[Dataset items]
- - -

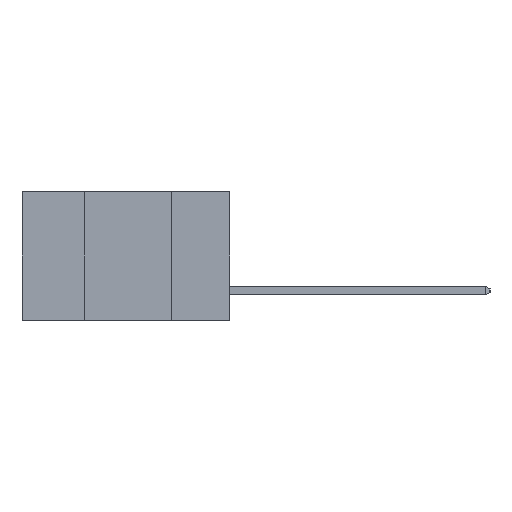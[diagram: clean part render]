
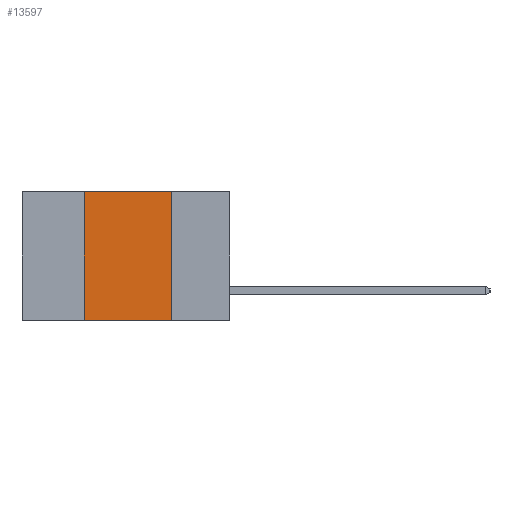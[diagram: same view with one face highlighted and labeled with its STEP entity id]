
A CAD part, left-side view. The second image highlights one B-rep face of the part: STEP entity #13597.
In plain terms, the highlighted planar face has unit normal (-1, 0, 0).
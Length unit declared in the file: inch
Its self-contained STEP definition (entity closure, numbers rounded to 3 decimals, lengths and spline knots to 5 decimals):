
#227 = EDGE_LOOP ( 'NONE', ( #10424, #3712, #13347, #10033 ) ) ;
#984 = EDGE_CURVE ( 'NONE', #12108, #14856, #10150, .T. ) ;
#2279 = VERTEX_POINT ( 'NONE', #3425 ) ;
#2398 = LINE ( 'NONE', #2683, #15404 ) ;
#2683 = CARTESIAN_POINT ( 'NONE',  ( 0., 0.6, 0. ) ) ;
#2921 = FACE_OUTER_BOUND ( 'NONE', #227, .T. ) ;
#3006 = EDGE_CURVE ( 'NONE', #12108, #2279, #14411, .T. ) ;
#3425 = CARTESIAN_POINT ( 'NONE',  ( 0., 0.17, -0.37 ) ) ;
#3534 = LINE ( 'NONE', #12614, #9871 ) ;
#3712 = ORIENTED_EDGE ( 'NONE', *, *, #10160, .F. ) ;
#4444 = VECTOR ( 'NONE', #4513, 39.37008 ) ;
#4513 = DIRECTION ( 'NONE',  ( 0., -1., 0. ) ) ;
#4904 = DIRECTION ( 'NONE',  ( 0., 0., 1. ) ) ;
#6969 = CARTESIAN_POINT ( 'NONE',  ( 0., 0.6, -0.37 ) ) ;
#7739 = CARTESIAN_POINT ( 'NONE',  ( 0., 0.42, -0.37 ) ) ;
#7811 = CARTESIAN_POINT ( 'NONE',  ( 0., 0.6, 0. ) ) ;
#8476 = CARTESIAN_POINT ( 'NONE',  ( 0., 0.17, 0. ) ) ;
#8924 = DIRECTION ( 'NONE',  ( 0., 0., -1. ) ) ;
#9071 = DIRECTION ( 'NONE',  ( 0., 0., -1. ) ) ;
#9340 = EDGE_CURVE ( 'NONE', #14167, #2279, #3534, .T. ) ;
#9462 = AXIS2_PLACEMENT_3D ( 'NONE', #7811, #16374, #9071 ) ;
#9871 = VECTOR ( 'NONE', #8924, 39.37008 ) ;
#10033 = ORIENTED_EDGE ( 'NONE', *, *, #3006, .T. ) ;
#10150 = LINE ( 'NONE', #14040, #15880 ) ;
#10160 = EDGE_CURVE ( 'NONE', #14856, #14167, #2398, .T. ) ;
#10424 = ORIENTED_EDGE ( 'NONE', *, *, #9340, .F. ) ;
#12108 = VERTEX_POINT ( 'NONE', #7739 ) ;
#12614 = CARTESIAN_POINT ( 'NONE',  ( 0., 0.17, -0.37 ) ) ;
#13347 = ORIENTED_EDGE ( 'NONE', *, *, #984, .F. ) ;
#13597 = ADVANCED_FACE ( 'NONE', ( #2921 ), #15194, .F. ) ;
#14040 = CARTESIAN_POINT ( 'NONE',  ( 0., 0.42, -0.37 ) ) ;
#14167 = VERTEX_POINT ( 'NONE', #8476 ) ;
#14411 = LINE ( 'NONE', #6969, #4444 ) ;
#14856 = VERTEX_POINT ( 'NONE', #15550 ) ;
#15194 = PLANE ( 'NONE',  #9462 ) ;
#15200 = DIRECTION ( 'NONE',  ( 0., -1., 0. ) ) ;
#15404 = VECTOR ( 'NONE', #15200, 39.37008 ) ;
#15550 = CARTESIAN_POINT ( 'NONE',  ( 0., 0.42, 0. ) ) ;
#15880 = VECTOR ( 'NONE', #4904, 39.37008 ) ;
#16374 = DIRECTION ( 'NONE',  ( 1., 0., 0. ) ) ;

- - -

Exercise requirements: All lines above from the one containing "#10150 = LINE ( 'NONE', #14040, #15880 ) ;" to the one containing "#15200 = DIRECTION" must be repeated exactly, both lines included, and no others.

Expected answer:
#10150 = LINE ( 'NONE', #14040, #15880 ) ;
#10160 = EDGE_CURVE ( 'NONE', #14856, #14167, #2398, .T. ) ;
#10424 = ORIENTED_EDGE ( 'NONE', *, *, #9340, .F. ) ;
#12108 = VERTEX_POINT ( 'NONE', #7739 ) ;
#12614 = CARTESIAN_POINT ( 'NONE',  ( 0., 0.17, -0.37 ) ) ;
#13347 = ORIENTED_EDGE ( 'NONE', *, *, #984, .F. ) ;
#13597 = ADVANCED_FACE ( 'NONE', ( #2921 ), #15194, .F. ) ;
#14040 = CARTESIAN_POINT ( 'NONE',  ( 0., 0.42, -0.37 ) ) ;
#14167 = VERTEX_POINT ( 'NONE', #8476 ) ;
#14411 = LINE ( 'NONE', #6969, #4444 ) ;
#14856 = VERTEX_POINT ( 'NONE', #15550 ) ;
#15194 = PLANE ( 'NONE',  #9462 ) ;
#15200 = DIRECTION ( 'NONE',  ( 0., -1., 0. ) ) ;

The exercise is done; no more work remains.